• [Data in this exercise]:
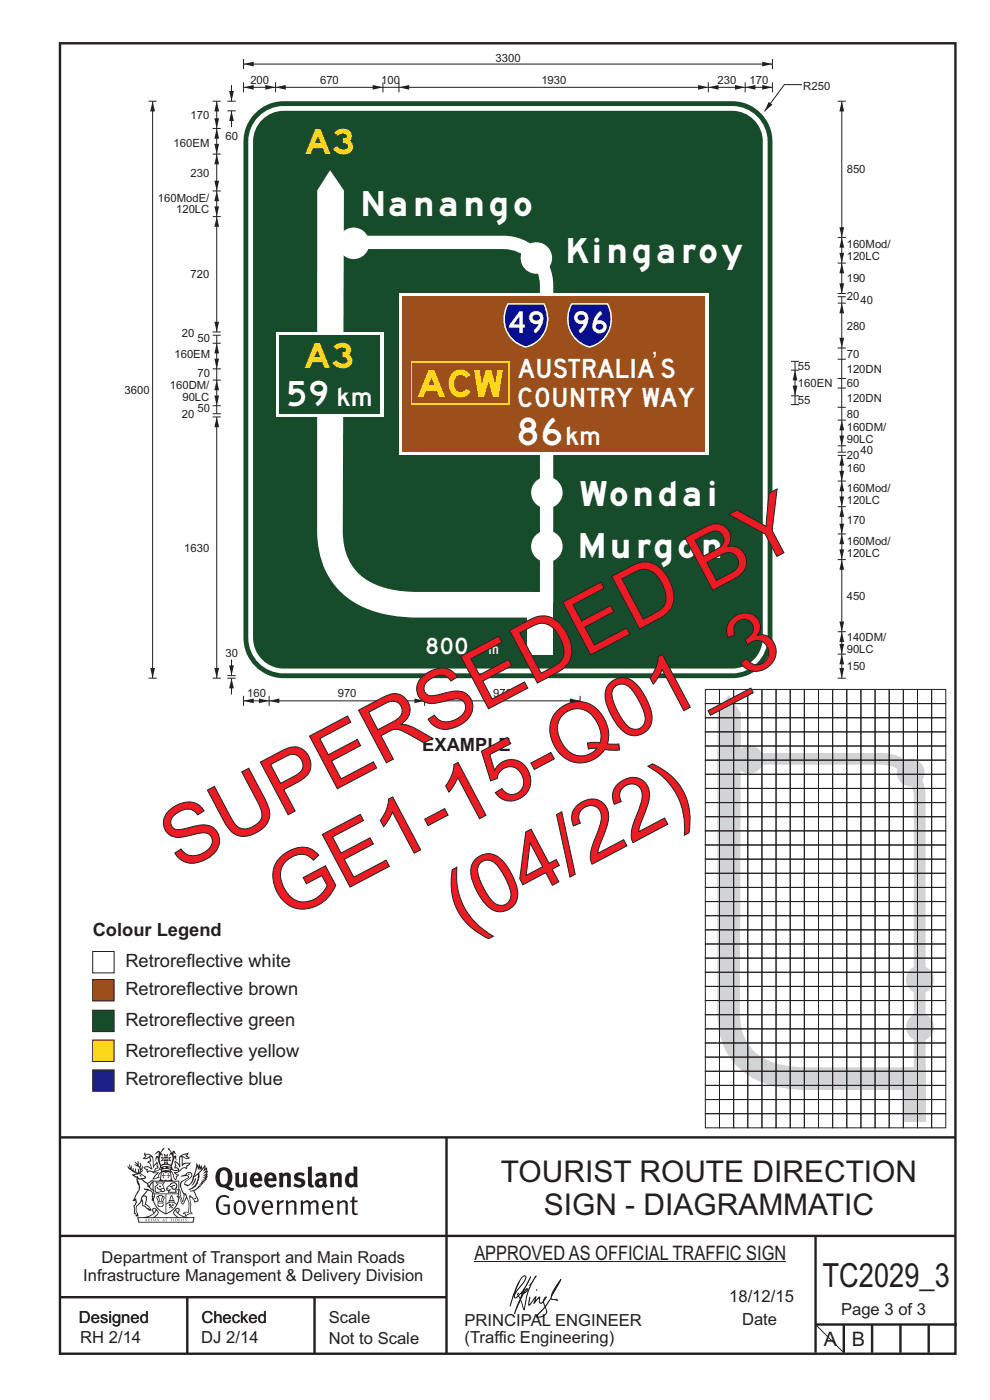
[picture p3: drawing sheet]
<svg xmlns="http://www.w3.org/2000/svg" width="210mm" height="297mm" viewBox="0 0 210 297" stroke-linecap="round" stroke-linejoin="round" font-family="sans-serif">
<path d="M12.7 241.3h190M94.7 241.4v45.8M12.7 275.2h82M12.7 262.2h190.1M39.7 275.2v12M66.7 275.2v12M173 262.1v24.9M173 281h30M179 281v6M185 281v6M191 281v6M197 281v6" fill="none" stroke="#231f20" stroke-width=".51"/>
<g fill="#231f20">
<path d="M47 248.4a2.55 2.55 0 0 0 0 2.7l.3 .2a.81 .81 0 0 0 1-1v-.5a1.04 1.04 0 0 0-1.1-1.5zM46.3 248.1a1.82 1.82 0 0 1 2.1-.2 1.82 1.82 0 0 1 .9 1.8 2.29 2.29 0 0 1-.8 2l.7 .3h.5l-.2 .6a2.87 2.87 0 0 1-2-.7 2.12 2.12 0 0 1-1.7-3.1z" fill-rule="evenodd"/>
<path d="M49.9 248.9l.8-.2v2a.46 .46 0 0 0 .3 .6 .46 .46 0 0 0 .6-.3v-2.1l.7-.2v2.4l.2 .5-.5 .3-.3-.3a1.02 1.02 0 0 1-1.2 .3 1.02 1.02 0 0 1-.6-1.1z" fill-rule="evenodd"/>
<path d="M54 249.5l-.1 .5h.9a.49 .49 0 0 0-.2-.6 .49 .49 0 0 0-.6 .1zM53.4 249.1a1.34 1.34 0 0 1 1.6-.2 1.34 1.34 0 0 1 .6 1.5v.2h-1.7a.77 .77 0 0 0 .5 .8 .77 .77 0 0 0 .9-.4l.3 .5a1.59 1.59 0 0 1-2 .2 1.59 1.59 0 0 1-.5-2.1z" fill-rule="evenodd"/>
<path d="M57 249.5l-.1 .5h1a.49 .49 0 0 0-.2-.6 .49 .49 0 0 0-.7 .1zM56.4 249.1a1.34 1.34 0 0 1 1.6-.2 1.34 1.34 0 0 1 .7 1.5v.2h-1.8a.77 .77 0 0 0 .5 .8 .77 .77 0 0 0 .9-.4l.4 .5a1.59 1.59 0 0 1-2.1 .2 1.59 1.59 0 0 1-.5-2.1z" fill-rule="evenodd"/>
<path d="M59.2 248.9l.7-.2 .1 .4a.95 .95 0 0 1 1-.3 .95 .95 0 0 1 .7 .8v2.3h-.8v-2.3a.46 .46 0 0 0-.8 .1v2.2h-.8z" fill-rule="evenodd"/>
<path d="M62.6 249.1a1.75 1.75 0 0 1 2-.1l-.2 .5-.6-.2a.43 .43 0 0 0-.6 .3l.4 .3a1.04 1.04 0 0 1 1.2 1.1 1.04 1.04 0 0 1-1.4 1l-1.2-.4 .3-.6 1 .4 .4-.4a.88 .88 0 0 0-1-.5l-.4-.2-.1-.4z" fill-rule="evenodd"/>
<path d="M65.3 247.6l.8-.2 .1 3.8 .3 .2 .1 .4a.88 .88 0 0 1-1 0 .88 .88 0 0 1-.3-1z" fill-rule="evenodd"/>
<path d="M67.8 250.6a.43 .43 0 0 0-.1 .7 .43 .43 0 0 0 .7-.1v-.7zM66.8 249.1a1.7 1.7 0 0 1 2.4 .1v1.9l.3 .4-.4 .5-.5-.4a1.03 1.03 0 0 1-1.7-.1 1.03 1.03 0 0 1 .8-1.5h.7v-.4a.8 .8 0 0 0-1.2 .1z" fill-rule="evenodd"/>
<path d="M70 248.9l.7-.2 .1 .4a.95 .95 0 0 1 1-.3 .95 .95 0 0 1 .7 .8v2.3h-.8v-2.3a.46 .46 0 0 0-.8 .1v2.2h-.8z" fill-rule="evenodd"/>
<path d="M74.3 249.5a1.48 1.48 0 0 0 0 1.7h.5l.2-.1v-1.5l-.3-.2zM75 247.4l.8 .1 .1 4.4h-.7l-.1-.2a1.26 1.26 0 0 1-1.4 0 1.26 1.26 0 0 1-.5-1.3 1.29 1.29 0 0 1 .4-1.4 1.29 1.29 0 0 1 1.4-.1z" fill-rule="evenodd"/>
<path d="M46.4 253.9a1.72 1.72 0 0 1 2.3 0l-.3 .3a1.24 1.24 0 0 0-1.4-.2 1.24 1.24 0 0 0-.6 1.4 1.49 1.49 0 0 0 1.2 1.9l.7-.1v-1.3h-.8l-.1-.4h1.3v1.9a1.93 1.93 0 0 1-2.2 0 1.93 1.93 0 0 1-.7-2.2l.2-.8z" fill-rule="evenodd"/>
<path d="M50.4 255.1a1.65 1.65 0 0 0 .2 2.2 .99 .99 0 0 0 1-1.4 .78 .78 0 0 0-.4-.8 .78 .78 0 0 0-.8 0zM50 254.9a1.33 1.33 0 0 1 1.6-.1 1.33 1.33 0 0 1 .5 1.4 1.31 1.31 0 0 1-1.3 1.6 1.31 1.31 0 0 1-1.2-1.6v-.6z" fill-rule="evenodd"/>
<path d="M52.5 254.7l.4-.1 .9 2.6 .8-2.5h.5l-1.1 3h-.5z" fill-rule="evenodd"/>
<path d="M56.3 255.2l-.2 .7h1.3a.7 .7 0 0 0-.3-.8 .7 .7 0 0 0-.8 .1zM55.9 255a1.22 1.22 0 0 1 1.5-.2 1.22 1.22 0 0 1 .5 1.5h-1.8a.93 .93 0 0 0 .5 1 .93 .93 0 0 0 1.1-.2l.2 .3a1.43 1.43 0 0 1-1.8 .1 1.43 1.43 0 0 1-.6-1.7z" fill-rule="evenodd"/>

• [Work to complete]: Counting only lines that contain the word "width", how many are there in the records above? Give the number alone.

• [Solution]: 2